I'm hearing with version 5214 you can only swipe to refresh the blocks screen. No more tapping to refresh. Anyone else experiencing this? I'm on version 5126 now.


----------



## konoplya (Apr 16, 2016)

i only got a notification for 5126 a couple days ago. didn't know they had another update already. if no tapping then that blows


----------



## Behemoth (Jan 26, 2015)

I'm on 5126 and everything works fine (except scheduled blocks lol). Tap to refresh.


----------



## FlexDriver (Dec 5, 2015)

It is not been offered in East Coast yet! If no tapping than I will stay at 5126


----------



## FlexDriver (Dec 5, 2015)

Bump! 
Any one on 5214 can confirm this?


----------



## konoplya (Apr 16, 2016)

kmatt said:


> I'm hearing with version 5214 you can only swipe to refresh the blocks screen. No more tapping to refresh. Anyone else experiencing this? I'm on version 5126 now.


who told you about this?


----------



## FlexDriver (Dec 5, 2015)

kmatt said:


> ................. Tips suck too.


Due to "Fresh" no tips at all! Same here, newbies getting all the reserved blocks!


----------



## kmatt (Apr 25, 2016)

FlexDriver said:


> Due to "Fresh" no tips at all!


Glad that is not here. That's &%[email protected]!*ed up. Too many miles for $18/hr and no tips with prime now.


----------



## konoplya (Apr 16, 2016)

i just confirmed today that at my warehouse there's gonna be no more 4hr blocks. this week seems to be the last one for me as its not worth doing same work for 25% less money. and just now i received and email from amazon saying "3hr delivery blocks are available at your location!". they spin it as "More flexibility in your schedule; allowing for more delivery blocks in a day!". LOL. I swear this shit is right out of 1984 with their doublespeak. unbelievable.


----------



## kmatt (Apr 25, 2016)

konoplya said:


> i just confirmed today that at my warehouse there's gonna be no more 4hr blocks. this week seems to be the last one for me as its not worth doing same work for 25% less money. and just now i received and email from amazon saying "3hr delivery blocks are available at your location!". they spin it as "More flexibility in your schedule; allowing for more delivery blocks in a day!". LOL. I swear this shit is right out of 1984 with their doublespeak. unbelievable.

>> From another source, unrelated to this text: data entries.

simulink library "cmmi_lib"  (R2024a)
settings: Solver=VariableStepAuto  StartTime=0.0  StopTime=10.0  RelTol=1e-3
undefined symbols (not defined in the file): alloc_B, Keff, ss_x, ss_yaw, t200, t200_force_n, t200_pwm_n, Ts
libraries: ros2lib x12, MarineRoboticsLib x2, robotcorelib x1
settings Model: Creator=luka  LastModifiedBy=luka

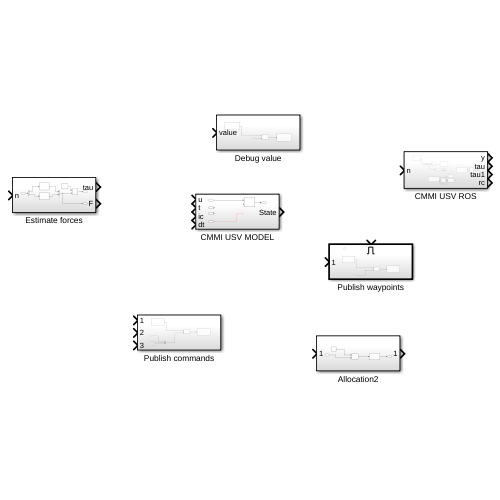
[thumbnail: Simulink's stored preview of the top-level diagram]
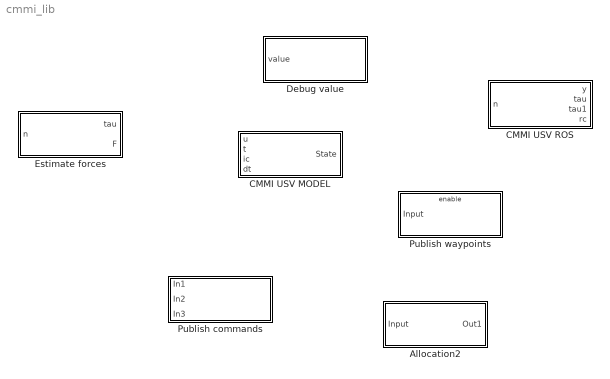
== system cmmi_lib ==
  Allocation2 : Subsystem
  CMMI USV MODEL : Subsystem
  CMMI USV ROS : Subsystem
  Debug value : Subsystem
  Estimate forces : Subsystem
  Publish commands : Subsystem
  Publish waypoints : Subsystem  TreatAsAtomicUnit=on

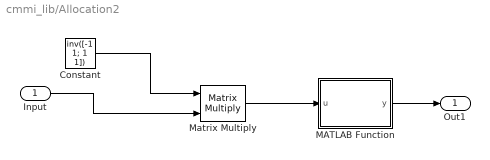
== system cmmi_lib/Allocation2 ==
  Input : Inport
  Constant : Constant  Value=inv([-1 1; 1 1])
  MATLAB Function : MATLAB Function  TreatAsAtomicUnit=on
  Matrix Multiply : Product  Multiplication=Matrix(*)
  Out1 : Outport
  wires:
  MATLAB Function/1(y) -> Out1/1
  Matrix Multiply/1 -> MATLAB Function/1(u)
  Input/1 -> Matrix Multiply/2
  Constant/1 -> Matrix Multiply/1

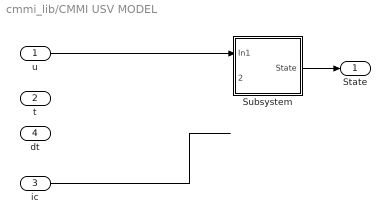
== system cmmi_lib/CMMI USV MODEL ==
  u : Inport
  t : Inport  Port=2
  ic : Inport  Port=3
  dt : Inport  Port=4
  Subsystem : Subsystem
  State : Outport
  wires:
  u/1 -> Subsystem/1(In1)
  Subsystem/1(State) -> State/1
  ic/1 -> ?

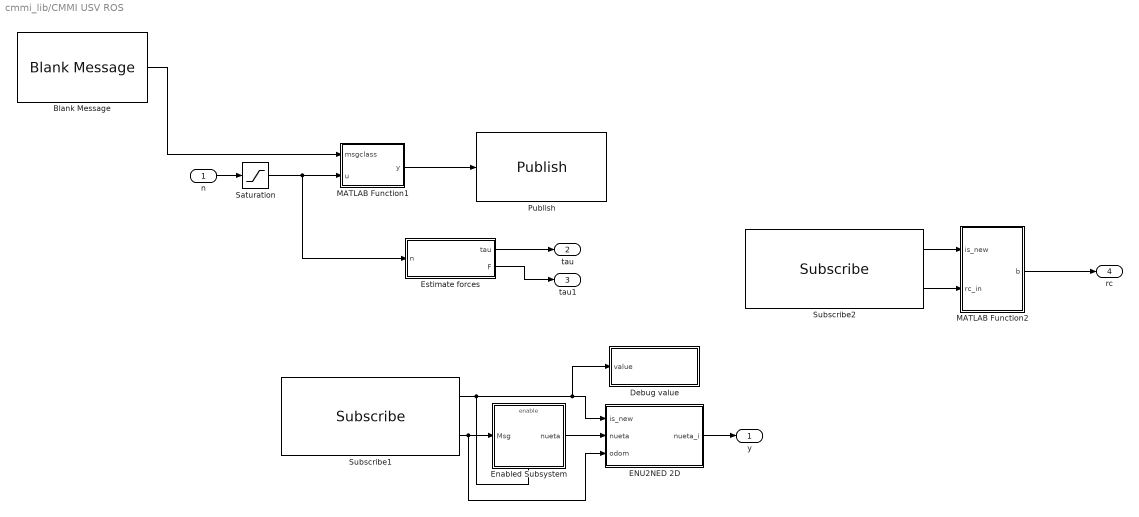
== system cmmi_lib/CMMI USV ROS ==
  n : Inport
  Blank Message : ros2lib/Blank Message  messageClass=Message  entityType=std_msgs/Float32MultiArray  messageType=std_msgs/Float32MultiArray  SampleTime=Ts
  Debug value : Subsystem  AncestorBlock=cmmi_lib/Debug value
  ENU2NED 2D : MATLAB Function  TreatAsAtomicUnit=on
  Enabled Subsystem : Subsystem  TreatAsAtomicUnit=on
  Estimate forces : Subsystem  AncestorBlock=cmmi_lib/Estimate forces
  MATLAB Function1 : MATLAB Function  TreatAsAtomicUnit=on
  MATLAB Function2 : MATLAB Function  TreatAsAtomicUnit=on  SystemSampleTime=Ts
  Publish : ros2lib/Publish  topicSource=Specify your own  topic=/pwm_in  messageType=std_msgs/Float32MultiArray  QOSHistory=Keep last  QOSDepth=1  QOSReliability=Reliable  QOSDurability=Volatile  QOSDeadline=Inf  QOSLifespan=Inf  QOSLiveliness=Automatic  QOSLeaseDuration=Inf  QOSAvoidROSNamespaceConventions=off
  Saturation : Saturate  UpperLimit=1  LowerLimit=-1
  Subscribe1 : ros2lib/Subscribe  topicSource=Specify your own  topic=/mavros/local_position/odom  messageType=nav_msgs/Odometry  sampleTime=0.05  QOSHistory=Keep last  QOSDepth=1  QOSReliability=Best effort  QOSDurability=Volatile  QOSDeadline=Inf  QOSLifespan=Inf  QOSLiveliness=Automatic  QOSLeaseDuration=Inf  QOSAvoidROSNamespaceConventions=off
  Subscribe2 : ros2lib/Subscribe  topicSource=Specify your own  topic=/rc_btns  messageType=std_msgs/Int8MultiArray  sampleTime=Ts  QOSHistory=Keep all  QOSDepth=1  QOSReliability=Best effort  QOSDurability=Volatile  QOSDeadline=Inf  QOSLifespan=Inf  QOSLiveliness=Automatic  QOSLeaseDuration=Inf  QOSAvoidROSNamespaceConventions=off
  y : Outport
  tau : Outport  Port=2
  tau1 : Outport  Port=3
  rc : Outport  Port=4
  wires:
  Saturation/1 -> MATLAB Function1/2(u), Estimate forces/1(n)
  ENU2NED 2D/1(nueta_i) -> y/1
  Enabled Subsystem/1(nueta) -> ENU2NED 2D/2(nueta)
  Subscribe1/1 -> Enabled Subsystem/Enable, ENU2NED 2D/1(is_new), Debug value/1(value)
  Subscribe1/2 -> Enabled Subsystem/1(Msg), ENU2NED 2D/3(odom)
  MATLAB Function2/1(b) -> rc/1
  Subscribe2/2 -> MATLAB Function2/2(rc_in)
  Subscribe2/1 -> MATLAB Function2/1(is_new)
  n/1 -> Saturation/1
  Blank Message/1 -> MATLAB Function1/1(msgclass)
  MATLAB Function1/1(y) -> Publish/1
  Estimate forces/1(tau) -> tau/1
  Estimate forces/2(F) -> tau1/1

== system cmmi_lib/Debug value ==
  value : Inport
  Blank Message : ros2lib/Blank Message  messageClass=Message  entityType=std_msgs/Float32MultiArray  messageType=std_msgs/Float32MultiArray  SampleTime=Ts
  MATLAB Function1 : MATLAB Function  TreatAsAtomicUnit=on
  Publish : ros2lib/Publish  topicSource=Specify your own  topic=debug  messageType=std_msgs/Float32MultiArray  QOSHistory=Keep last  QOSDepth=1  QOSReliability=Reliable  QOSDurability=Volatile  QOSDeadline=Inf  QOSLifespan=Inf  QOSLiveliness=Automatic  QOSLeaseDuration=Inf  QOSAvoidROSNamespaceConventions=off
  wires:
  value/1 -> MATLAB Function1/2(u)
  Blank Message/1 -> MATLAB Function1/1(msgclass)
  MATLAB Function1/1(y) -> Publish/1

So you can only do 6 hours a day instead of 8? They need to make 9 hour cap days instead. There a lot of 3 hour blocks with prime now recently.


----------



## konoplya (Apr 16, 2016)

kmatt said:


> So you can only do 6 hours a day instead of 8? They need to make 9 hour cap days instead. There a lot of 3 hour blocks with prime now recently.


we couldn't even do 8 hours for months now. we'd get blocks starting at 9am, sometimes 830, and they'd be finished by noon or 1130. sometimes they'd release another block later in the afternoon but it would be a 3 or a 2 which i would never waste my time on.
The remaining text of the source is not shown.